# Panzer Corps Adon von DMP / Pazifik Korps



## biinng (21. September 2013)

Der Termin Steht: am 27.09.2013 um 18 Uhr kann man es bei Design Mod Project Modding in Games Downloaden

Panzer Corps goes Pacific War!




			Dieser Inhalt steht nur eingeloggten Mitgliedern zur Verfügung.
        



Pazifik Korps / Pancer CorpsTeil 1: Der Weg in den Krieg

Das Design Mod Project präsentiert euch den Rundenstrategie-Klassiker Panzer Corps auf einem neuen Schlachtfeld. Im ersten Teil des Add ons Pazifik Korps kämpft ihr auf der Seite Japans im Krieg um die Vorherrschaft im Pazifik.

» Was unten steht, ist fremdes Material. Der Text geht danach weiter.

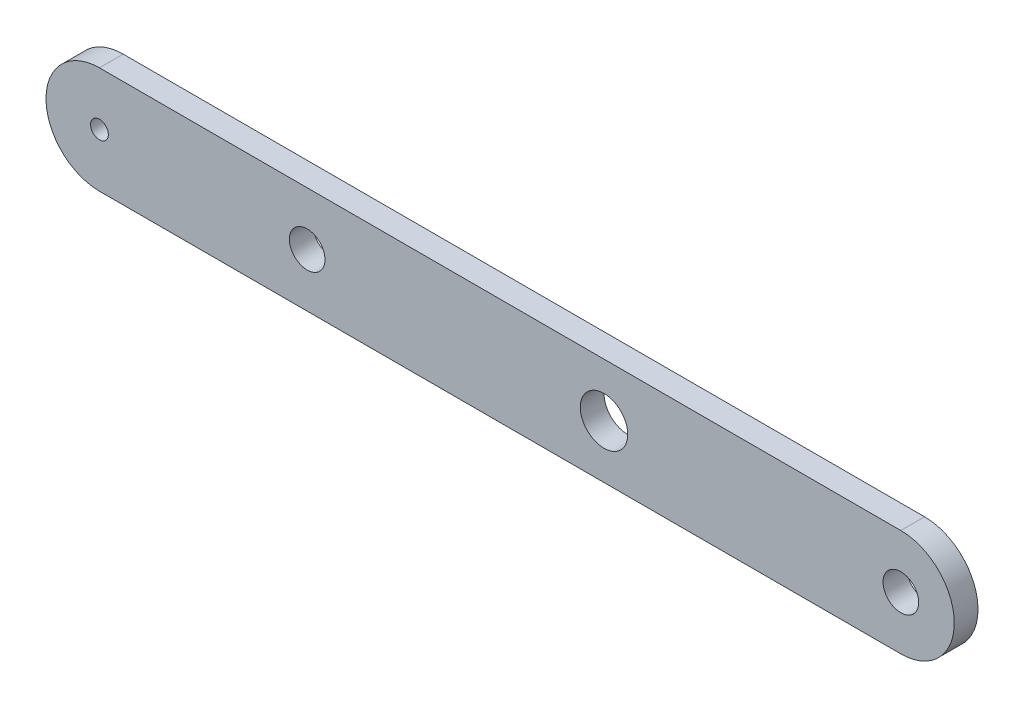
from build123d import *

# Parameters (mm, degrees)
SKETCH_1_R      = 3
SKETCH_1_R_2    = 1.5
SKETCH_1_R_3    = 4
EXTRUDE_1_DEPTH = 4


with BuildPart() as part:
    # ｽｹｯﾁ1 → ﾎﾞｽ - 押し出し1 (new body)
    with BuildSketch(Plane.XY):
        with BuildLine():
            Line((-35, 9), (100, 9))
            ThreePointArc((100, 9), (109, 0), (100, -9))
            Line((100, -9), (-35, -9))
            ThreePointArc((-35, -9), (-44, 0), (-35, 9))
        make_face()
        with Locations((100, 0)):
            Circle(SKETCH_1_R, mode=Mode.SUBTRACT)
        Circle(SKETCH_1_R, mode=Mode.SUBTRACT)
        with Locations((-35, 0)):
            Circle(SKETCH_1_R_2, mode=Mode.SUBTRACT)
        with Locations((50, 0)):
            Circle(SKETCH_1_R_3, mode=Mode.SUBTRACT)
    extrude(amount=EXTRUDE_1_DEPTH)


solid = part.part

Führt eure Truppen von der Marco-Polo-Brücke über Pearl Habor bis zu den Ölfeldern Nordborneos. Auf 19 spielbaren Karten warten neue Herausforderungen und Überraschungen auf dich. Du bist der General, führe deine Truppen zum Sieg.
Ladet euch die neuen Szenarien kostenlos herunter und kämpft im Namen des japanischen Kaisers. Werdet Teil des Projects und teilt eure Spielerlebnisse mit der Community!


----------



## Rolk (24. September 2013)

Ist vorgemerkt. Vorher "muss" ich aber noch Heeresgruppe Süd zu Ende spielen.


----------